Astronomers announced new evidence on March 20, 2018, that the passage of Scholz´s star 70,000 years ago gravitationally disturbed our solar system’s comets and asteroids. The evidence still exists, these researchers say, in the movements of some of these objects marked by that stellar encounter. Their study will appear in the May 1, 2018, issue of the peer-reviewed journal Monthly Notices of the Royal Astronomical Society.
Astronomers have wondered about Scholz’s star at least since 2015, when a team of astronomers led by Eric Mamajek gave details of a possible stellar flyby, the closest documented so far, in a study in The Astrophysical Journal Letters.
The new study comes from the Complutense University of Madrid, from Carlos de la Fuente Marcos and Raúl de la Fuente Marcos (who are brothers), together with the researcher Sverre J. Aarseth of the University of Cambridge in the U.K. The researchers’ statement explained:
At a time when modern humans were beginning to leave Africa and the Neanderthals were living on our planet, Scholz’s star – named after the German astronomer who discovered it – approached less than a light-year from the sun. Nowadays it is almost 20 light-years away, but 70,000 years ago it entered the Oort Cloud, a reservoir of trans-Neptunian objects located at the confines of the solar system.
The de la Fuente Marcos brothers and Aarseth analyzed the nearly 340 objects of our solar system with hyperbolic orbits. Those are orbits that are very open and V-shaped.
In this way, these researchers determined that the trajectory of some of our solar system’s smaller bodies must have been influenced by the passage of Scholz´s star. Carlos de la Fuente Marcos said:
Using numerical simulations, we have calculated the radiants or positions in the sky from which all these hyperbolic objects seem to come.
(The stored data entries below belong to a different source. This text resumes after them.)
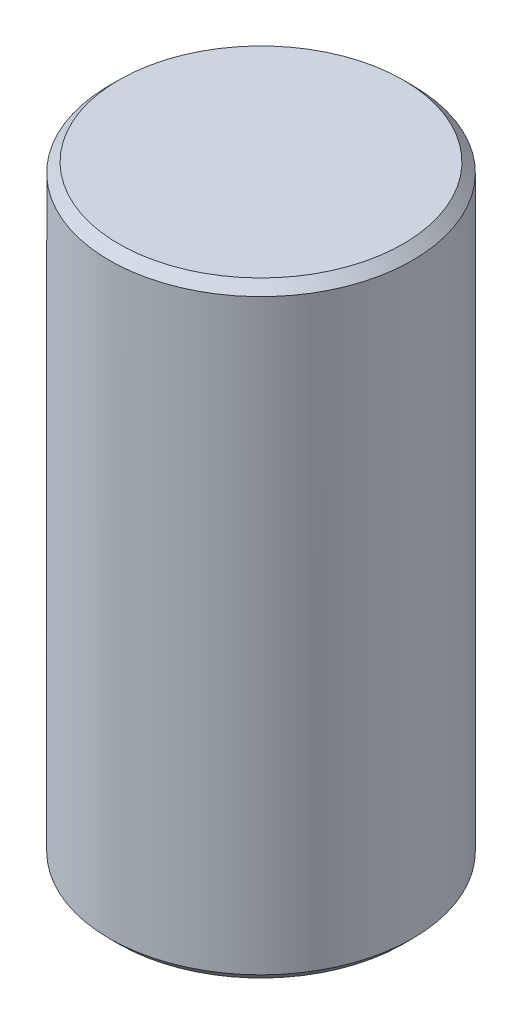
ISO-10303-21;
HEADER;
FILE_DESCRIPTION(('STEP AP214'),'2;1');
FILE_NAME('part.step','',(''),(''),'','','');
FILE_SCHEMA(('AUTOMOTIVE_DESIGN { 1 0 10303 214 1 1 1 1 }'));
ENDSEC;
DATA;
#1=APPLICATION_CONTEXT('core data for automotive mechanical design processes');
#2=APPLICATION_PROTOCOL_DEFINITION('international standard','automotive_design',2000,#1);
#3=PRODUCT_CONTEXT('',#1,'mechanical');
#4=PRODUCT('Part','Part','',(#3));
#5=PRODUCT_RELATED_PRODUCT_CATEGORY('part','',(#4));
#6=PRODUCT_DEFINITION_FORMATION('','',#4);
#7=PRODUCT_DEFINITION_CONTEXT('part definition',#1,'design');
#8=PRODUCT_DEFINITION('design','',#6,#7);
#9=PRODUCT_DEFINITION_SHAPE('','',#8);
#10=(LENGTH_UNIT() NAMED_UNIT(*) SI_UNIT(.MILLI.,.METRE.));
#11=(NAMED_UNIT(*) PLANE_ANGLE_UNIT() SI_UNIT($,.RADIAN.));
#12=(NAMED_UNIT(*) SI_UNIT($,.STERADIAN.) SOLID_ANGLE_UNIT());
#13=UNCERTAINTY_MEASURE_WITH_UNIT(LENGTH_MEASURE(1.E-05),#10,'distance_accuracy_value','');
#14=(GEOMETRIC_REPRESENTATION_CONTEXT(3) GLOBAL_UNCERTAINTY_ASSIGNED_CONTEXT((#13)) GLOBAL_UNIT_ASSIGNED_CONTEXT((#10,
#11,#12)) REPRESENTATION_CONTEXT('',''));
#15=CARTESIAN_POINT('',(0.,0.,0.));
#16=DIRECTION('',(0.,0.,1.));
#17=DIRECTION('',(1.,0.,0.));
#18=AXIS2_PLACEMENT_3D('',#15,#16,#17);
#19=CARTESIAN_POINT('',(0.,25.4,0.));
#20=DIRECTION('',(0.,-1.,0.));
#21=DIRECTION('',(0.,0.,-1.));
#22=AXIS2_PLACEMENT_3D('',#19,#20,#21);
#23=CYLINDRICAL_SURFACE('',#22,6.35);
#24=CARTESIAN_POINT('',(0.,0.396875000000001,0.));
#25=DIRECTION('',(0.,1.,0.));
#26=DIRECTION('',(0.,0.,1.));
#27=AXIS2_PLACEMENT_3D('',#24,#25,#26);
#28=CIRCLE('',#27,6.35);
#29=CARTESIAN_POINT('',(0.,0.396874999999998,-6.35));
#30=VERTEX_POINT('',#29);
#31=EDGE_CURVE('E42',#30,#30,#28,.T.);
#32=CARTESIAN_POINT('',(0.,25.003125,0.));
#33=DIRECTION('',(0.,1.,0.));
#34=DIRECTION('',(0.,0.,1.));
#35=AXIS2_PLACEMENT_3D('',#32,#33,#34);
#36=CIRCLE('',#35,6.35);
#37=CARTESIAN_POINT('',(0.,25.003125,-6.35));
#38=VERTEX_POINT('',#37);
#39=EDGE_CURVE('E46',#38,#38,#36,.F.);
#40=CARTESIAN_POINT('',(0.,0.396874999999998,-6.35));
#41=CARTESIAN_POINT('',(0.,0.653190104166664,-6.35));
#42=CARTESIAN_POINT('',(0.,0.90950520833333,-6.35));
#43=CARTESIAN_POINT('',(0.,1.42213541666666,-6.35));
#44=CARTESIAN_POINT('',(0.,1.67845052083333,-6.35));
#45=CARTESIAN_POINT('',(0.,2.19108072916666,-6.35));
#46=CARTESIAN_POINT('',(0.,2.44739583333333,-6.35));
#47=CARTESIAN_POINT('',(0.,2.96002604166667,-6.35));
#48=CARTESIAN_POINT('',(0.,3.21634114583333,-6.35));
#49=CARTESIAN_POINT('',(0.,3.72897135416666,-6.35));
#50=CARTESIAN_POINT('',(0.,3.98528645833333,-6.35));
#51=CARTESIAN_POINT('',(0.,4.49791666666666,-6.35));
#52=CARTESIAN_POINT('',(0.,4.75423177083333,-6.35));
#53=CARTESIAN_POINT('',(0.,5.26686197916666,-6.35));
#54=CARTESIAN_POINT('',(0.,5.52317708333333,-6.35));
#55=CARTESIAN_POINT('',(0.,6.03580729166666,-6.35));
#56=CARTESIAN_POINT('',(0.,6.29212239583333,-6.35));
#57=CARTESIAN_POINT('',(0.,6.80475260416666,-6.35));
#58=CARTESIAN_POINT('',(0.,7.06106770833333,-6.35));
#59=CARTESIAN_POINT('',(0.,7.57369791666666,-6.35));
#60=CARTESIAN_POINT('',(0.,7.83001302083333,-6.35));
#61=CARTESIAN_POINT('',(0.,8.34264322916666,-6.35));
#62=CARTESIAN_POINT('',(0.,8.59895833333333,-6.35));
#63=CARTESIAN_POINT('',(0.,9.11158854166666,-6.35));
#64=CARTESIAN_POINT('',(0.,9.36790364583333,-6.35));
#65=CARTESIAN_POINT('',(0.,9.88053385416666,-6.35));
#66=CARTESIAN_POINT('',(0.,10.1368489583333,-6.35));
#67=CARTESIAN_POINT('',(0.,10.6494791666667,-6.35));
#68=CARTESIAN_POINT('',(0.,10.9057942708333,-6.35));
#69=CARTESIAN_POINT('',(0.,11.4184244791667,-6.35));
#70=CARTESIAN_POINT('',(0.,11.6747395833333,-6.35));
#71=CARTESIAN_POINT('',(0.,12.1873697916667,-6.35));
#72=CARTESIAN_POINT('',(0.,12.4436848958333,-6.35));
#73=CARTESIAN_POINT('',(0.,12.9563151041667,-6.35));
#74=CARTESIAN_POINT('',(0.,13.2126302083333,-6.35));
#75=CARTESIAN_POINT('',(0.,13.7252604166667,-6.35));
#76=CARTESIAN_POINT('',(0.,13.9815755208333,-6.35));
#77=CARTESIAN_POINT('',(0.,14.4942057291667,-6.35));
#78=CARTESIAN_POINT('',(0.,14.7505208333333,-6.35));
#79=CARTESIAN_POINT('',(0.,15.2631510416667,-6.35));
#80=CARTESIAN_POINT('',(0.,15.5194661458333,-6.35));
#81=CARTESIAN_POINT('',(0.,16.0320963541667,-6.35));
#82=CARTESIAN_POINT('',(0.,16.2884114583333,-6.35));
#83=CARTESIAN_POINT('',(0.,16.8010416666667,-6.35));
#84=CARTESIAN_POINT('',(0.,17.0573567708333,-6.35));
#85=CARTESIAN_POINT('',(0.,17.5699869791667,-6.35));
#86=CARTESIAN_POINT('',(0.,17.8263020833333,-6.35));
#87=CARTESIAN_POINT('',(0.,18.3389322916667,-6.35));
#88=CARTESIAN_POINT('',(0.,18.5952473958333,-6.35));
#89=CARTESIAN_POINT('',(0.,19.1078776041667,-6.35));
#90=CARTESIAN_POINT('',(0.,19.3641927083333,-6.35));
#91=CARTESIAN_POINT('',(0.,19.8768229166667,-6.35));
#92=CARTESIAN_POINT('',(0.,20.1331380208333,-6.35));
#93=CARTESIAN_POINT('',(0.,20.6457682291667,-6.35));
#94=CARTESIAN_POINT('',(0.,20.9020833333333,-6.35));
#95=CARTESIAN_POINT('',(0.,21.4147135416667,-6.35));
#96=CARTESIAN_POINT('',(0.,21.6710286458333,-6.35));
#97=CARTESIAN_POINT('',(0.,22.1836588541667,-6.35));
#98=CARTESIAN_POINT('',(0.,22.4399739583333,-6.35));
#99=CARTESIAN_POINT('',(0.,22.9526041666667,-6.35));
#100=CARTESIAN_POINT('',(0.,23.2089192708333,-6.35));
#101=CARTESIAN_POINT('',(0.,23.7215494791667,-6.35));
#102=CARTESIAN_POINT('',(0.,23.9778645833333,-6.35));
#103=CARTESIAN_POINT('',(0.,24.4904947916667,-6.35));
#104=CARTESIAN_POINT('',(0.,24.7468098958333,-6.35));
#105=CARTESIAN_POINT('',(0.,25.003125,-6.35));
#106=B_SPLINE_CURVE_WITH_KNOTS('',3,(#40,#41,#42,#43,#44,#45,#46,#47,#48,#49,#50,#51,#52,#53,
#54,#55,#56,#57,#58,#59,#60,#61,#62,#63,#64,#65,#66,#67,#68,#69,#70,#71,#72,#73,#74,#75,#76,#77,
#78,#79,#80,#81,#82,#83,#84,#85,#86,#87,#88,#89,#90,#91,#92,#93,#94,#95,#96,#97,#98,#99,#100,
#101,#102,#103,#104,#105),.UNSPECIFIED.,.F.,.F.,(4,2,2,2,2,2,2,2,2,2,2,2,2,2,2,2,2,2,2,2,2,2,2,
2,2,2,2,2,2,2,2,2,4),(0.,0.768945312499998,1.537890625,2.3068359375,3.07578125,3.8447265625,
4.613671875,5.3826171875,6.1515625,6.9205078125,7.689453125,8.4583984375,9.22734375,
9.9962890625,10.765234375,11.5341796875,12.303125,13.0720703125,13.841015625,14.6099609375,
15.37890625,16.1478515625,16.916796875,17.6857421875,18.4546875,19.2236328125,19.992578125,
20.7615234375,21.53046875,22.2994140625,23.068359375,23.8373046875,24.60625),.UNSPECIFIED.);
#107=EDGE_CURVE('BSEAM31',#30,#38,#106,.T.);
#108=ORIENTED_EDGE('',*,*,#31,.T.);
#109=ORIENTED_EDGE('',*,*,#39,.T.);
#110=ORIENTED_EDGE('',*,*,#107,.T.);
#111=ORIENTED_EDGE('',*,*,#107,.F.);
#112=EDGE_LOOP('',(#108,#110,#109,#111));
#113=FACE_BOUND('',#112,.T.);
#114=ADVANCED_FACE('F31',(#113),#23,.T.);
#115=CARTESIAN_POINT('',(0.,25.4,0.));
#116=DIRECTION('',(0.,1.,0.));
#117=DIRECTION('',(0.,0.,1.));
#118=AXIS2_PLACEMENT_3D('',#115,#116,#117);
#119=PLANE('',#118);
#120=CARTESIAN_POINT('',(0.,25.4,0.));
#121=DIRECTION('',(0.,1.,0.));
#122=DIRECTION('',(0.,0.,1.));
#123=AXIS2_PLACEMENT_3D('',#120,#121,#122);
#124=CIRCLE('',#123,5.953125);
#125=CARTESIAN_POINT('',(0.,25.4,-5.95312500000001));
#126=VERTEX_POINT('',#125);
#127=EDGE_CURVE('E10',#126,#126,#124,.T.);
#128=ORIENTED_EDGE('',*,*,#127,.T.);
#129=EDGE_LOOP('',(#128));
#130=FACE_BOUND('',#129,.T.);
#131=ADVANCED_FACE('F62',(#130),#119,.T.);
#132=CARTESIAN_POINT('',(0.,0.,0.));
#133=DIRECTION('',(0.,1.,0.));
#134=DIRECTION('',(0.,0.,1.));
#135=AXIS2_PLACEMENT_3D('',#132,#133,#134);
#136=PLANE('',#135);
#137=CARTESIAN_POINT('',(0.,0.,0.));
#138=DIRECTION('',(0.,1.,0.));
#139=DIRECTION('',(0.,0.,1.));
#140=AXIS2_PLACEMENT_3D('',#137,#138,#139);
#141=CIRCLE('',#140,5.953125);
#142=CARTESIAN_POINT('',(0.,0.,5.953125));
#143=VERTEX_POINT('',#142);
#144=EDGE_CURVE('E38',#143,#143,#141,.F.);
#145=ORIENTED_EDGE('',*,*,#144,.T.);
#146=EDGE_LOOP('',(#145));
#147=FACE_BOUND('',#146,.T.);
#148=ADVANCED_FACE('F59',(#147),#136,.F.);
#149=CARTESIAN_POINT('',(0.,0.396875000000001,0.));
#150=DIRECTION('',(0.,1.,0.));
#151=DIRECTION('',(0.,0.,1.));
#152=AXIS2_PLACEMENT_3D('',#149,#150,#151);
#153=CONICAL_SURFACE('',#152,6.35,0.785398163397449);
#154=ORIENTED_EDGE('',*,*,#144,.F.);
#155=EDGE_LOOP('',(#154));
#156=FACE_BOUND('',#155,.T.);
#157=ORIENTED_EDGE('',*,*,#31,.F.);
#158=EDGE_LOOP('',(#157));
#159=FACE_BOUND('',#158,.T.);
#160=ADVANCED_FACE('F55',(#156,#159),#153,.T.);
#161=CARTESIAN_POINT('',(0.,25.4,0.));
#162=DIRECTION('',(0.,-1.,0.));
#163=DIRECTION('',(0.,0.,-1.));
#164=AXIS2_PLACEMENT_3D('',#161,#162,#163);
#165=CONICAL_SURFACE('',#164,5.953125,0.785398163397442);
#166=CARTESIAN_POINT('',(0.,25.003125,-6.35));
#167=CARTESIAN_POINT('',(0.,25.0072591145833,-6.34586588541667));
#168=CARTESIAN_POINT('',(0.,25.0113932291667,-6.34173177083334));
#169=CARTESIAN_POINT('',(0.,25.0196614583333,-6.33346354166667));
#170=CARTESIAN_POINT('',(0.,25.0237955729167,-6.32932942708333));
#171=CARTESIAN_POINT('',(0.,25.0320638020833,-6.32106119791667));
#172=CARTESIAN_POINT('',(0.,25.0361979166667,-6.31692708333333));
#173=CARTESIAN_POINT('',(0.,25.0444661458333,-6.30865885416667));
#174=CARTESIAN_POINT('',(0.,25.0486002604167,-6.30452473958334));
#175=CARTESIAN_POINT('',(0.,25.0568684895833,-6.29625651041667));
#176=CARTESIAN_POINT('',(0.,25.0610026041667,-6.29212239583333));
#177=CARTESIAN_POINT('',(0.,25.0692708333333,-6.28385416666667));
#178=CARTESIAN_POINT('',(0.,25.0734049479167,-6.27972005208334));
#179=CARTESIAN_POINT('',(0.,25.0816731770833,-6.27145182291667));
#180=CARTESIAN_POINT('',(0.,25.0858072916667,-6.26731770833334));
#181=CARTESIAN_POINT('',(0.,25.0940755208333,-6.25904947916667));
#182=CARTESIAN_POINT('',(0.,25.0982096354167,-6.25491536458333));
#183=CARTESIAN_POINT('',(0.,25.1064778645833,-6.24664713541667));
#184=CARTESIAN_POINT('',(0.,25.1106119791667,-6.24251302083334));
#185=CARTESIAN_POINT('',(0.,25.1188802083333,-6.23424479166667));
#186=CARTESIAN_POINT('',(0.,25.1230143229167,-6.23011067708334));
#187=CARTESIAN_POINT('',(0.,25.1312825520833,-6.22184244791667));
#188=CARTESIAN_POINT('',(0.,25.1354166666667,-6.21770833333334));
#189=CARTESIAN_POINT('',(0.,25.1436848958333,-6.20944010416667));
#190=CARTESIAN_POINT('',(0.,25.1478190104167,-6.20530598958334));
#191=CARTESIAN_POINT('',(0.,25.1560872395833,-6.19703776041667));
#192=CARTESIAN_POINT('',(0.,25.1602213541667,-6.19290364583334));
#193=CARTESIAN_POINT('',(0.,25.1684895833333,-6.18463541666667));
#194=CARTESIAN_POINT('',(0.,25.1726236979167,-6.18050130208334));
#195=CARTESIAN_POINT('',(0.,25.1808919270833,-6.17223307291667));
#196=CARTESIAN_POINT('',(0.,25.1850260416667,-6.16809895833334));
#197=CARTESIAN_POINT('',(0.,25.1932942708333,-6.15983072916667));
#198=CARTESIAN_POINT('',(0.,25.1974283854167,-6.15569661458334));
#199=CARTESIAN_POINT('',(0.,25.2056966145833,-6.14742838541667));
#200=CARTESIAN_POINT('',(0.,25.2098307291667,-6.14329427083334));
#201=CARTESIAN_POINT('',(0.,25.2180989583333,-6.13502604166667));
#202=CARTESIAN_POINT('',(0.,25.2222330729167,-6.13089192708334));
#203=CARTESIAN_POINT('',(0.,25.2305013020833,-6.12262369791667));
#204=CARTESIAN_POINT('',(0.,25.2346354166667,-6.11848958333334));
#205=CARTESIAN_POINT('',(0.,25.2429036458333,-6.11022135416667));
#206=CARTESIAN_POINT('',(0.,25.2470377604167,-6.10608723958334));
#207=CARTESIAN_POINT('',(0.,25.2553059895833,-6.09781901041667));
#208=CARTESIAN_POINT('',(0.,25.2594401041667,-6.09368489583334));
#209=CARTESIAN_POINT('',(0.,25.2677083333333,-6.08541666666667));
#210=CARTESIAN_POINT('',(0.,25.2718424479167,-6.08128255208334));
#211=CARTESIAN_POINT('',(0.,25.2801106770833,-6.07301432291667));
#212=CARTESIAN_POINT('',(0.,25.2842447916667,-6.06888020833334));
#213=CARTESIAN_POINT('',(0.,25.2925130208333,-6.06061197916667));
#214=CARTESIAN_POINT('',(0.,25.2966471354167,-6.05647786458334));
#215=CARTESIAN_POINT('',(0.,25.3049153645833,-6.04820963541667));
#216=CARTESIAN_POINT('',(0.,25.3090494791667,-6.04407552083334));
#217=CARTESIAN_POINT('',(0.,25.3173177083333,-6.03580729166667));
#218=CARTESIAN_POINT('',(0.,25.3214518229167,-6.03167317708334));
#219=CARTESIAN_POINT('',(0.,25.3297200520833,-6.02340494791667));
#220=CARTESIAN_POINT('',(0.,25.3338541666667,-6.01927083333334));
#221=CARTESIAN_POINT('',(0.,25.3421223958333,-6.01100260416667));
#222=CARTESIAN_POINT('',(0.,25.3462565104167,-6.00686848958334));
#223=CARTESIAN_POINT('',(0.,25.3545247395833,-5.99860026041667));
#224=CARTESIAN_POINT('',(0.,25.3586588541667,-5.99446614583334));
#225=CARTESIAN_POINT('',(0.,25.3669270833333,-5.98619791666667));
#226=CARTESIAN_POINT('',(0.,25.3710611979167,-5.98206380208334));
#227=CARTESIAN_POINT('',(0.,25.3793294270833,-5.97379557291667));
#228=CARTESIAN_POINT('',(0.,25.3834635416667,-5.96966145833334));
#229=CARTESIAN_POINT('',(0.,25.3917317708333,-5.96139322916667));
#230=CARTESIAN_POINT('',(0.,25.3958658854167,-5.95725911458334));
#231=CARTESIAN_POINT('',(0.,25.4,-5.95312500000001));
#232=B_SPLINE_CURVE_WITH_KNOTS('',3,(#166,#167,#168,#169,#170,#171,#172,#173,#174,#175,#176,
#177,#178,#179,#180,#181,#182,#183,#184,#185,#186,#187,#188,#189,#190,#191,#192,#193,#194,#195,
#196,#197,#198,#199,#200,#201,#202,#203,#204,#205,#206,#207,#208,#209,#210,#211,#212,#213,#214,
#215,#216,#217,#218,#219,#220,#221,#222,#223,#224,#225,#226,#227,#228,#229,#230,#231),
.UNSPECIFIED.,.F.,.F.,(4,2,2,2,2,2,2,2,2,2,2,2,2,2,2,2,2,2,2,2,2,2,2,2,2,2,2,2,2,2,2,2,4),(0.,
0.0175395627364622,0.0350791254729244,0.0526186882093896,0.0701582509458518,0.087697813682314,
0.105237376418779,0.122776939155241,0.140316501891704,0.157856064628168,0.17539562736463,
0.192935190101093,0.210474752837557,0.228014315574019,0.245553878310482,0.263093441046947,
0.280633003783409,0.298172566519871,0.315712129256336,0.333251691992799,0.350791254729261,
0.368330817465725,0.385870380202188,0.40340994293865,0.420949505675115,0.438489068411577,
0.45602863114804,0.473568193884504,0.491107756620966,0.508647319357428,0.526186882093894,
0.543726444830356,0.561266007566821),.UNSPECIFIED.);
#233=EDGE_CURVE('BSEAM33',#38,#126,#232,.T.);
#234=ORIENTED_EDGE('',*,*,#39,.F.);
#235=ORIENTED_EDGE('',*,*,#127,.F.);
#236=ORIENTED_EDGE('',*,*,#233,.T.);
#237=ORIENTED_EDGE('',*,*,#233,.F.);
#238=EDGE_LOOP('',(#234,#236,#235,#237));
#239=FACE_BOUND('',#238,.T.);
#240=ADVANCED_FACE('F33',(#239),#165,.T.);
#241=CLOSED_SHELL('',(#114,#131,#148,#160,#240));
#242=MANIFOLD_SOLID_BREP('B2',#241);
#243=ADVANCED_BREP_SHAPE_REPRESENTATION('',(#18,#242),#14);
#244=SHAPE_DEFINITION_REPRESENTATION(#9,#243);
ENDSEC;
END-ISO-10303-21;

In principle, one would expect those positions to be evenly distributed in the sky, particularly if these objects come from the Oort Cloud; however, what we find is very different: a statistically significant accumulation of radiants. The pronounced over-density appears projected in the direction of the constellation of Gemini, which fits the close encounter with Scholz´s star.
The moment in which this star passed close to us and its position during prehistory coincide with the data of the new investigation and in those of Mamajek and his team, according to these scientists. De la Fuente Marcos said:
It could be a coincidence, but it is unlikely that both location and time are compatible.
He said the team’s simulations suggest that Scholz´s star approached even more closely than the 0.6 light-years pointed out in the 2015 study as the lower limit. The Oort Cloud, by some estimates, extends out at least that far and possibly much farther, perhaps even farther than halfway to, say, the distance of the next-nearest star, the Alpha Centauri system, about four light-years away.
The researchers say the close flyby of Scholz’s star 70,000 years ago did not disturb all the hyperbolic objects of the solar system, only those that were closest to it at that time. De la Fuente Marcos explained:
For example, the radiant of the famous interstellar asteroid `Oumuamua is in the constellation of Lyra (the Harp), very far from Gemini, therefore it is not part of the detected over-density.
The team expressed confidence that new studies and observations will confirm their work.
Bottom line: Scholz´s star is now 20 light-years away. But a study of the orbits of asteroids and Oort Cloud comets verifies a close flyby of this star 70,000 years ago.